What is the characteristic of adeno-associated vectors (AAV) in gene therapy?
-AAVs are used to deliver smaller packages of DNA or genes. They are safe and efficient for in vivo gene therapy but do not integrate into the cell's genome, which may limit long-term effectiveness.
Why are AAVs commonly used for liver, nervous system, eye, and skeletal muscle treatments?
-AAVs are ideal for treating cells that do not divide, like those in the liver, nervous system, eyes, and skeletal muscles, as they do not integrate into the genome, which prevents the loss of the therapeutic gene over time.
What challenge is associated with the use of AAV vectors in gene therapy?
-A major challenge with AAV vectors is that many people may have pre-existing immunity due to previous exposure to AAVs, which can cause the immune system to attack the vector before it delivers the therapeutic gene.

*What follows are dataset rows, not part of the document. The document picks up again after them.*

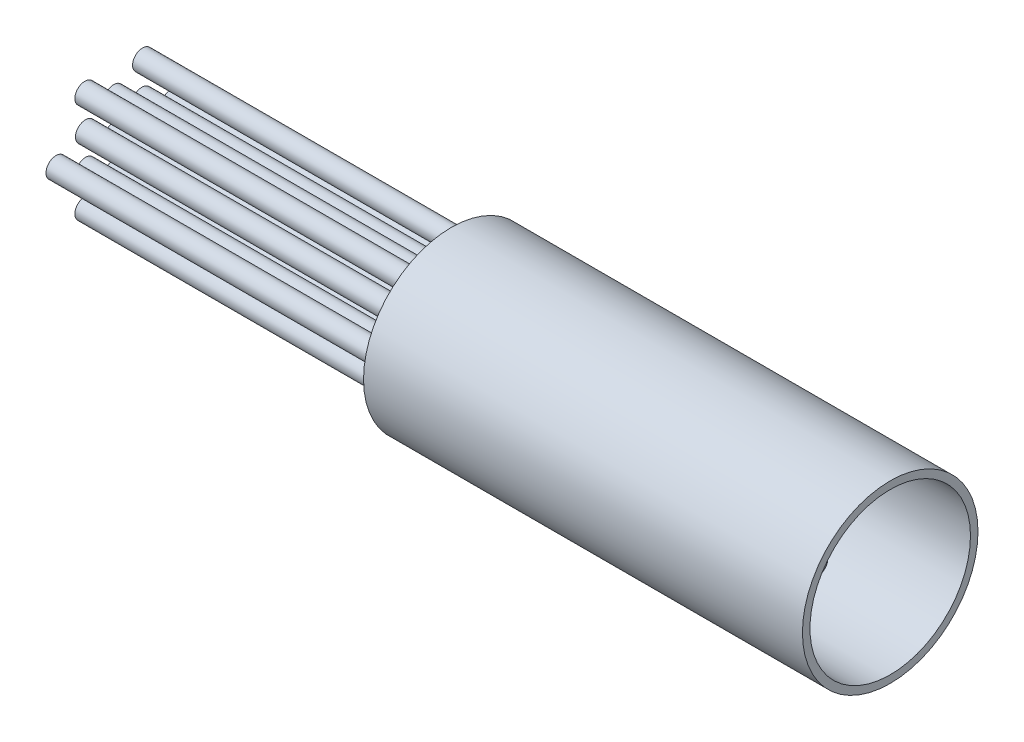
ISO-10303-21;
HEADER;
FILE_DESCRIPTION(('STEP AP214'),'2;1');
FILE_NAME('part.step','',(''),(''),'','','');
FILE_SCHEMA(('AUTOMOTIVE_DESIGN { 1 0 10303 214 1 1 1 1 }'));
ENDSEC;
DATA;
#1=APPLICATION_CONTEXT('core data for automotive mechanical design processes');
#2=APPLICATION_PROTOCOL_DEFINITION('international standard','automotive_design',2000,#1);
#3=PRODUCT_CONTEXT('',#1,'mechanical');
#4=PRODUCT('Part','Part','',(#3));
#5=PRODUCT_RELATED_PRODUCT_CATEGORY('part','',(#4));
#6=PRODUCT_DEFINITION_FORMATION('','',#4);
#7=PRODUCT_DEFINITION_CONTEXT('part definition',#1,'design');
#8=PRODUCT_DEFINITION('design','',#6,#7);
#9=PRODUCT_DEFINITION_SHAPE('','',#8);
#10=(LENGTH_UNIT() NAMED_UNIT(*) SI_UNIT(.MILLI.,.METRE.));
#11=(NAMED_UNIT(*) PLANE_ANGLE_UNIT() SI_UNIT($,.RADIAN.));
#12=(NAMED_UNIT(*) SI_UNIT($,.STERADIAN.) SOLID_ANGLE_UNIT());
#13=UNCERTAINTY_MEASURE_WITH_UNIT(LENGTH_MEASURE(1.E-05),#10,'distance_accuracy_value','');
#14=(GEOMETRIC_REPRESENTATION_CONTEXT(3) GLOBAL_UNCERTAINTY_ASSIGNED_CONTEXT((#13)) GLOBAL_UNIT_ASSIGNED_CONTEXT((#10,
#11,#12)) REPRESENTATION_CONTEXT('',''));
#15=CARTESIAN_POINT('',(0.,0.,0.));
#16=DIRECTION('',(0.,0.,1.));
#17=DIRECTION('',(1.,0.,0.));
#18=AXIS2_PLACEMENT_3D('',#15,#16,#17);
#19=CARTESIAN_POINT('',(-134.6,19.9185842870421,-11.4999999999999));
#20=DIRECTION('',(-1.,0.,0.));
#21=DIRECTION('',(0.,0.,1.));
#22=AXIS2_PLACEMENT_3D('',#19,#20,#21);
#23=PLANE('',#22);
#24=CARTESIAN_POINT('',(-134.6,19.9185842870421,-11.4999999999999));
#25=DIRECTION('',(-1.,0.,0.));
#26=DIRECTION('',(0.,0.,1.));
#27=AXIS2_PLACEMENT_3D('',#24,#25,#26);
#28=CIRCLE('',#27,4.);
#29=CARTESIAN_POINT('',(-134.6,19.9185842870421,-7.49999999999989));
#30=VERTEX_POINT('',#29);
#31=EDGE_CURVE('E11',#30,#30,#28,.T.);
#32=ORIENTED_EDGE('',*,*,#31,.T.);
#33=EDGE_LOOP('',(#32));
#34=FACE_BOUND('',#33,.T.);
#35=CARTESIAN_POINT('',(-134.6,19.9185842870421,-11.4999999999999));
#36=DIRECTION('',(-1.,0.,0.));
#37=DIRECTION('',(0.,0.,1.));
#38=AXIS2_PLACEMENT_3D('',#35,#36,#37);
#39=CIRCLE('',#38,3.00000000000001);
#40=CARTESIAN_POINT('',(-134.6,19.9185842870421,-8.49999999999988));
#41=VERTEX_POINT('',#40);
#42=EDGE_CURVE('E50',#41,#41,#39,.T.);
#43=ORIENTED_EDGE('',*,*,#42,.F.);
#44=EDGE_LOOP('',(#43));
#45=FACE_BOUND('',#44,.T.);
#46=ADVANCED_FACE('F43',(#34,#45),#23,.T.);
#47=CARTESIAN_POINT('',(-134.6,19.9185842870421,-11.4999999999999));
#48=DIRECTION('',(1.,0.,0.));
#49=DIRECTION('',(0.,0.,-1.));
#50=AXIS2_PLACEMENT_3D('',#47,#48,#49);
#51=CYLINDRICAL_SURFACE('',#50,4.);
#52=ORIENTED_EDGE('',*,*,#31,.F.);
#53=EDGE_LOOP('',(#52));
#54=FACE_BOUND('',#53,.T.);
#55=CARTESIAN_POINT('',(134.6,19.9185842870421,-11.4999999999999));
#56=DIRECTION('',(-1.,0.,0.));
#57=DIRECTION('',(0.,0.,1.));
#58=AXIS2_PLACEMENT_3D('',#55,#56,#57);
#59=CIRCLE('',#58,4.);
#60=CARTESIAN_POINT('',(134.6,19.9185842870421,-7.49999999999989));
#61=VERTEX_POINT('',#60);
#62=EDGE_CURVE('E54',#61,#61,#59,.T.);
#63=ORIENTED_EDGE('',*,*,#62,.T.);
#64=EDGE_LOOP('',(#63));
#65=FACE_BOUND('',#64,.T.);
#66=ADVANCED_FACE('F45',(#54,#65),#51,.T.);
#67=CARTESIAN_POINT('',(-134.6,19.9185842870421,-11.4999999999999));
#68=DIRECTION('',(1.,0.,0.));
#69=DIRECTION('',(0.,0.,-1.));
#70=AXIS2_PLACEMENT_3D('',#67,#68,#69);
#71=CYLINDRICAL_SURFACE('',#70,3.00000000000001);
#72=ORIENTED_EDGE('',*,*,#42,.T.);
#73=EDGE_LOOP('',(#72));
#74=FACE_BOUND('',#73,.T.);
#75=CARTESIAN_POINT('',(134.6,19.9185842870421,-11.4999999999999));
#76=DIRECTION('',(-1.,0.,0.));
#77=DIRECTION('',(0.,0.,1.));
#78=AXIS2_PLACEMENT_3D('',#75,#76,#77);
#79=CIRCLE('',#78,3.00000000000001);
#80=CARTESIAN_POINT('',(134.6,19.9185842870421,-8.49999999999988));
#81=VERTEX_POINT('',#80);
#82=EDGE_CURVE('E58',#81,#81,#79,.T.);
#83=ORIENTED_EDGE('',*,*,#82,.F.);
#84=EDGE_LOOP('',(#83));
#85=FACE_BOUND('',#84,.T.);
#86=ADVANCED_FACE('F67',(#74,#85),#71,.F.);
#87=CARTESIAN_POINT('',(134.6,19.9185842870421,-11.4999999999999));
#88=DIRECTION('',(-1.,0.,0.));
#89=DIRECTION('',(0.,0.,1.));
#90=AXIS2_PLACEMENT_3D('',#87,#88,#89);
#91=PLANE('',#90);
#92=ORIENTED_EDGE('',*,*,#82,.T.);
#93=EDGE_LOOP('',(#92));
#94=FACE_BOUND('',#93,.T.);
#95=ORIENTED_EDGE('',*,*,#62,.F.);
#96=EDGE_LOOP('',(#95));
#97=FACE_BOUND('',#96,.T.);
#98=ADVANCED_FACE('F64',(#94,#97),#91,.F.);
#99=CLOSED_SHELL('',(#46,#66,#86,#98));
#100=MANIFOLD_SOLID_BREP('B2',#99);
#101=CARTESIAN_POINT('',(-134.6,1.24544042034318E-13,-23.));
#102=DIRECTION('',(-1.,0.,0.));
#103=DIRECTION('',(0.,0.,1.));
#104=AXIS2_PLACEMENT_3D('',#101,#102,#103);
#105=PLANE('',#104);
#106=CARTESIAN_POINT('',(-134.6,1.24544042034318E-13,-23.));
#107=DIRECTION('',(-1.,0.,0.));
#108=DIRECTION('',(0.,0.,1.));
#109=AXIS2_PLACEMENT_3D('',#106,#107,#108);
#110=CIRCLE('',#109,4.);
#111=CARTESIAN_POINT('',(-134.6,1.24544042034318E-13,-19.));
#112=VERTEX_POINT('',#111);
#113=EDGE_CURVE('E42',#112,#112,#110,.T.);
#114=ORIENTED_EDGE('',*,*,#113,.T.);
#115=EDGE_LOOP('',(#114));
#116=FACE_BOUND('',#115,.T.);
#117=CARTESIAN_POINT('',(-134.6,1.24544042034318E-13,-23.));
#118=DIRECTION('',(-1.,0.,0.));
#119=DIRECTION('',(0.,0.,1.));
#120=AXIS2_PLACEMENT_3D('',#117,#118,#119);
#121=CIRCLE('',#120,3.);
#122=CARTESIAN_POINT('',(-134.6,1.24544042034318E-13,-20.));
#123=VERTEX_POINT('',#122);
#124=EDGE_CURVE('E119',#123,#123,#121,.T.);
#125=ORIENTED_EDGE('',*,*,#124,.F.);
#126=EDGE_LOOP('',(#125));
#127=FACE_BOUND('',#126,.T.);
#128=ADVANCED_FACE('F112',(#116,#127),#105,.T.);
#129=CARTESIAN_POINT('',(-134.6,1.24544042034318E-13,-23.));
#130=DIRECTION('',(1.,0.,0.));
#131=DIRECTION('',(0.,0.,-1.));
#132=AXIS2_PLACEMENT_3D('',#129,#130,#131);
#133=CYLINDRICAL_SURFACE('',#132,4.);
#134=ORIENTED_EDGE('',*,*,#113,.F.);
#135=EDGE_LOOP('',(#134));
#136=FACE_BOUND('',#135,.T.);
#137=CARTESIAN_POINT('',(134.6,1.24544042034318E-13,-23.));
#138=DIRECTION('',(-1.,0.,0.));
#139=DIRECTION('',(0.,0.,1.));
#140=AXIS2_PLACEMENT_3D('',#137,#138,#139);
#141=CIRCLE('',#140,4.);
#142=CARTESIAN_POINT('',(134.6,1.24544042034318E-13,-19.));
#143=VERTEX_POINT('',#142);
#144=EDGE_CURVE('E123',#143,#143,#141,.T.);
#145=ORIENTED_EDGE('',*,*,#144,.T.);
#146=EDGE_LOOP('',(#145));
#147=FACE_BOUND('',#146,.T.);
#148=ADVANCED_FACE('F114',(#136,#147),#133,.T.);
#149=CARTESIAN_POINT('',(-134.6,1.24544042034318E-13,-23.));
#150=DIRECTION('',(1.,0.,0.));
#151=DIRECTION('',(0.,0.,-1.));
#152=AXIS2_PLACEMENT_3D('',#149,#150,#151);
#153=CYLINDRICAL_SURFACE('',#152,3.);
#154=ORIENTED_EDGE('',*,*,#124,.T.);
#155=EDGE_LOOP('',(#154));
#156=FACE_BOUND('',#155,.T.);
#157=CARTESIAN_POINT('',(134.6,1.24544042034318E-13,-23.));
#158=DIRECTION('',(-1.,0.,0.));
#159=DIRECTION('',(0.,0.,1.));
#160=AXIS2_PLACEMENT_3D('',#157,#158,#159);
#161=CIRCLE('',#160,3.);
#162=CARTESIAN_POINT('',(134.6,1.24544042034318E-13,-20.));
#163=VERTEX_POINT('',#162);
#164=EDGE_CURVE('E127',#163,#163,#161,.T.);
#165=ORIENTED_EDGE('',*,*,#164,.F.);
#166=EDGE_LOOP('',(#165));
#167=FACE_BOUND('',#166,.T.);
#168=ADVANCED_FACE('F136',(#156,#167),#153,.F.);
#169=CARTESIAN_POINT('',(134.6,1.24544042034318E-13,-23.));
#170=DIRECTION('',(-1.,0.,0.));
#171=DIRECTION('',(0.,0.,1.));
#172=AXIS2_PLACEMENT_3D('',#169,#170,#171);
#173=PLANE('',#172);
#174=ORIENTED_EDGE('',*,*,#164,.T.);
#175=EDGE_LOOP('',(#174));
#176=FACE_BOUND('',#175,.T.);
#177=ORIENTED_EDGE('',*,*,#144,.F.);
#178=EDGE_LOOP('',(#177));
#179=FACE_BOUND('',#178,.T.);
#180=ADVANCED_FACE('F133',(#176,#179),#173,.F.);
#181=CLOSED_SHELL('',(#128,#148,#168,#180));
#182=MANIFOLD_SOLID_BREP('B6',#181);
#183=CARTESIAN_POINT('',(-134.6,-19.918584287042,-11.5000000000001));
#184=DIRECTION('',(-1.,0.,0.));
#185=DIRECTION('',(0.,0.,1.));
#186=AXIS2_PLACEMENT_3D('',#183,#184,#185);
#187=PLANE('',#186);
#188=CARTESIAN_POINT('',(-134.6,-19.918584287042,-11.5000000000001));
#189=DIRECTION('',(-1.,0.,0.));
#190=DIRECTION('',(0.,0.,1.));
#191=AXIS2_PLACEMENT_3D('',#188,#189,#190);
#192=CIRCLE('',#191,4.);
#193=CARTESIAN_POINT('',(-134.6,-19.918584287042,-7.5000000000001));
#194=VERTEX_POINT('',#193);
#195=EDGE_CURVE('E111',#194,#194,#192,.T.);
#196=ORIENTED_EDGE('',*,*,#195,.T.);
#197=EDGE_LOOP('',(#196));
#198=FACE_BOUND('',#197,.T.);
#199=CARTESIAN_POINT('',(-134.6,-19.918584287042,-11.5000000000001));
#200=DIRECTION('',(-1.,0.,0.));
#201=DIRECTION('',(0.,0.,1.));
#202=AXIS2_PLACEMENT_3D('',#199,#200,#201);
#203=CIRCLE('',#202,3.00000000000001);
#204=CARTESIAN_POINT('',(-134.6,-19.918584287042,-8.5000000000001));
#205=VERTEX_POINT('',#204);
#206=EDGE_CURVE('E188',#205,#205,#203,.T.);
#207=ORIENTED_EDGE('',*,*,#206,.F.);
#208=EDGE_LOOP('',(#207));
#209=FACE_BOUND('',#208,.T.);
#210=ADVANCED_FACE('F181',(#198,#209),#187,.T.);
#211=CARTESIAN_POINT('',(-134.6,-19.918584287042,-11.5000000000001));
#212=DIRECTION('',(1.,0.,0.));
#213=DIRECTION('',(0.,0.,-1.));
#214=AXIS2_PLACEMENT_3D('',#211,#212,#213);
#215=CYLINDRICAL_SURFACE('',#214,4.);
#216=ORIENTED_EDGE('',*,*,#195,.F.);
#217=EDGE_LOOP('',(#216));
#218=FACE_BOUND('',#217,.T.);
#219=CARTESIAN_POINT('',(134.6,-19.918584287042,-11.5000000000001));
#220=DIRECTION('',(-1.,0.,0.));
#221=DIRECTION('',(0.,0.,1.));
#222=AXIS2_PLACEMENT_3D('',#219,#220,#221);
#223=CIRCLE('',#222,4.);
#224=CARTESIAN_POINT('',(134.6,-19.918584287042,-7.5000000000001));
#225=VERTEX_POINT('',#224);
#226=EDGE_CURVE('E192',#225,#225,#223,.T.);
#227=ORIENTED_EDGE('',*,*,#226,.T.);
#228=EDGE_LOOP('',(#227));
#229=FACE_BOUND('',#228,.T.);
#230=ADVANCED_FACE('F183',(#218,#229),#215,.T.);
#231=CARTESIAN_POINT('',(-134.6,-19.918584287042,-11.5000000000001));
#232=DIRECTION('',(1.,0.,0.));
#233=DIRECTION('',(0.,0.,-1.));
#234=AXIS2_PLACEMENT_3D('',#231,#232,#233);
#235=CYLINDRICAL_SURFACE('',#234,3.00000000000001);
#236=ORIENTED_EDGE('',*,*,#206,.T.);
#237=EDGE_LOOP('',(#236));
#238=FACE_BOUND('',#237,.T.);
#239=CARTESIAN_POINT('',(134.6,-19.918584287042,-11.5000000000001));
#240=DIRECTION('',(-1.,0.,0.));
#241=DIRECTION('',(0.,0.,1.));
#242=AXIS2_PLACEMENT_3D('',#239,#240,#241);
#243=CIRCLE('',#242,3.00000000000001);
#244=CARTESIAN_POINT('',(134.6,-19.918584287042,-8.5000000000001));
#245=VERTEX_POINT('',#244);
#246=EDGE_CURVE('E196',#245,#245,#243,.T.);
#247=ORIENTED_EDGE('',*,*,#246,.F.);
#248=EDGE_LOOP('',(#247));
#249=FACE_BOUND('',#248,.T.);
#250=ADVANCED_FACE('F205',(#238,#249),#235,.F.);
#251=CARTESIAN_POINT('',(134.6,-19.918584287042,-11.5000000000001));
#252=DIRECTION('',(-1.,0.,0.));
#253=DIRECTION('',(0.,0.,1.));
#254=AXIS2_PLACEMENT_3D('',#251,#252,#253);
#255=PLANE('',#254);
#256=ORIENTED_EDGE('',*,*,#246,.T.);
#257=EDGE_LOOP('',(#256));
#258=FACE_BOUND('',#257,.T.);
#259=ORIENTED_EDGE('',*,*,#226,.F.);
#260=EDGE_LOOP('',(#259));
#261=FACE_BOUND('',#260,.T.);
#262=ADVANCED_FACE('F202',(#258,#261),#255,.F.);
#263=CLOSED_SHELL('',(#210,#230,#250,#262));
#264=MANIFOLD_SOLID_BREP('B37',#263);
#265=CARTESIAN_POINT('',(-134.6,-19.9185842870422,11.4999999999999));
#266=DIRECTION('',(-1.,0.,0.));
#267=DIRECTION('',(0.,0.,1.));
#268=AXIS2_PLACEMENT_3D('',#265,#266,#267);
#269=PLANE('',#268);
#270=CARTESIAN_POINT('',(-134.6,-19.9185842870422,11.4999999999999));
#271=DIRECTION('',(-1.,0.,0.));
#272=DIRECTION('',(0.,0.,1.));
#273=AXIS2_PLACEMENT_3D('',#270,#271,#272);
#274=CIRCLE('',#273,4.);
#275=CARTESIAN_POINT('',(-134.6,-19.9185842870422,15.4999999999999));
#276=VERTEX_POINT('',#275);
#277=EDGE_CURVE('E180',#276,#276,#274,.T.);
#278=ORIENTED_EDGE('',*,*,#277,.T.);
#279=EDGE_LOOP('',(#278));
#280=FACE_BOUND('',#279,.T.);
#281=CARTESIAN_POINT('',(-134.6,-19.9185842870422,11.4999999999999));
#282=DIRECTION('',(-1.,0.,0.));
#283=DIRECTION('',(0.,0.,1.));
#284=AXIS2_PLACEMENT_3D('',#281,#282,#283);
#285=CIRCLE('',#284,3.);
#286=CARTESIAN_POINT('',(-134.6,-19.9185842870422,14.4999999999999));
#287=VERTEX_POINT('',#286);
#288=EDGE_CURVE('E257',#287,#287,#285,.T.);
#289=ORIENTED_EDGE('',*,*,#288,.F.);
#290=EDGE_LOOP('',(#289));
#291=FACE_BOUND('',#290,.T.);
#292=ADVANCED_FACE('F250',(#280,#291),#269,.T.);
#293=CARTESIAN_POINT('',(-134.6,-19.9185842870422,11.4999999999999));
#294=DIRECTION('',(1.,0.,0.));
#295=DIRECTION('',(0.,0.,-1.));
#296=AXIS2_PLACEMENT_3D('',#293,#294,#295);
#297=CYLINDRICAL_SURFACE('',#296,4.);
#298=ORIENTED_EDGE('',*,*,#277,.F.);
#299=EDGE_LOOP('',(#298));
#300=FACE_BOUND('',#299,.T.);
#301=CARTESIAN_POINT('',(134.6,-19.9185842870422,11.4999999999999));
#302=DIRECTION('',(-1.,0.,0.));
#303=DIRECTION('',(0.,0.,1.));
#304=AXIS2_PLACEMENT_3D('',#301,#302,#303);
#305=CIRCLE('',#304,4.);
#306=CARTESIAN_POINT('',(134.6,-19.9185842870422,15.4999999999999));
#307=VERTEX_POINT('',#306);
#308=EDGE_CURVE('E261',#307,#307,#305,.T.);
#309=ORIENTED_EDGE('',*,*,#308,.T.);
#310=EDGE_LOOP('',(#309));
#311=FACE_BOUND('',#310,.T.);
#312=ADVANCED_FACE('F252',(#300,#311),#297,.T.);
#313=CARTESIAN_POINT('',(-134.6,-19.9185842870422,11.4999999999999));
#314=DIRECTION('',(1.,0.,0.));
#315=DIRECTION('',(0.,0.,-1.));
#316=AXIS2_PLACEMENT_3D('',#313,#314,#315);
#317=CYLINDRICAL_SURFACE('',#316,3.);
#318=ORIENTED_EDGE('',*,*,#288,.T.);
#319=EDGE_LOOP('',(#318));
#320=FACE_BOUND('',#319,.T.);
#321=CARTESIAN_POINT('',(134.6,-19.9185842870422,11.4999999999999));
#322=DIRECTION('',(-1.,0.,0.));
#323=DIRECTION('',(0.,0.,1.));
#324=AXIS2_PLACEMENT_3D('',#321,#322,#323);
#325=CIRCLE('',#324,3.);
#326=CARTESIAN_POINT('',(134.6,-19.9185842870422,14.4999999999999));
#327=VERTEX_POINT('',#326);
#328=EDGE_CURVE('E265',#327,#327,#325,.T.);
#329=ORIENTED_EDGE('',*,*,#328,.F.);
#330=EDGE_LOOP('',(#329));
#331=FACE_BOUND('',#330,.T.);
#332=ADVANCED_FACE('F274',(#320,#331),#317,.F.);
#333=CARTESIAN_POINT('',(134.6,-19.9185842870422,11.4999999999999));
#334=DIRECTION('',(-1.,0.,0.));
#335=DIRECTION('',(0.,0.,1.));
#336=AXIS2_PLACEMENT_3D('',#333,#334,#335);
#337=PLANE('',#336);
#338=ORIENTED_EDGE('',*,*,#328,.T.);
#339=EDGE_LOOP('',(#338));
#340=FACE_BOUND('',#339,.T.);
#341=ORIENTED_EDGE('',*,*,#308,.F.);
#342=EDGE_LOOP('',(#341));
#343=FACE_BOUND('',#342,.T.);
#344=ADVANCED_FACE('F271',(#340,#343),#337,.F.);
#345=CLOSED_SHELL('',(#292,#312,#332,#344));
#346=MANIFOLD_SOLID_BREP('B106',#345);
#347=CARTESIAN_POINT('',(-134.6,-1.24842197631751E-13,23.));
#348=DIRECTION('',(-1.,0.,0.));
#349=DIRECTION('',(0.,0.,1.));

How have researchers addressed immune responses to AAV vectors?
-Researchers are working on various strategies to reduce immune responses to AAV vectors, allowing them to effectively deliver genetic material without triggering harmful immune reactions.
What is the key difference between adenoviral vectors and AAV vectors?
-Adenoviral vectors can carry much larger genetic packages (almost eight times the size of AAVs). However, early versions of adenoviral vectors caused severe immune responses, prompting the development of newer, safer versions.
What is the purpose of lentiviral and retroviral vectors in gene therapy?
-Lentiviral and retroviral vectors are used for ex vivo gene therapy, where cells are modified outside the body and then reintroduced. These vectors can integrate into the cell's genome, making them suitable for treating dividing cells, such as T-cells and stem cells.
What is the process of ex vivo gene therapy?
-Ex vivo gene therapy involves removing cells from a patient's body, modifying them with therapeutic genetic material, and then returning them to the body. The treated cells divide, and the new genetic material is copied into all the resulting cells.
What are the potential uses of gene therapy beyond hereditary diseases and cancer?
-Gene therapy has many potential uses under investigation, including treatments for various genetic disorders, autoimmune diseases, and other conditions where altering genetic material could provide therapeutic benefits.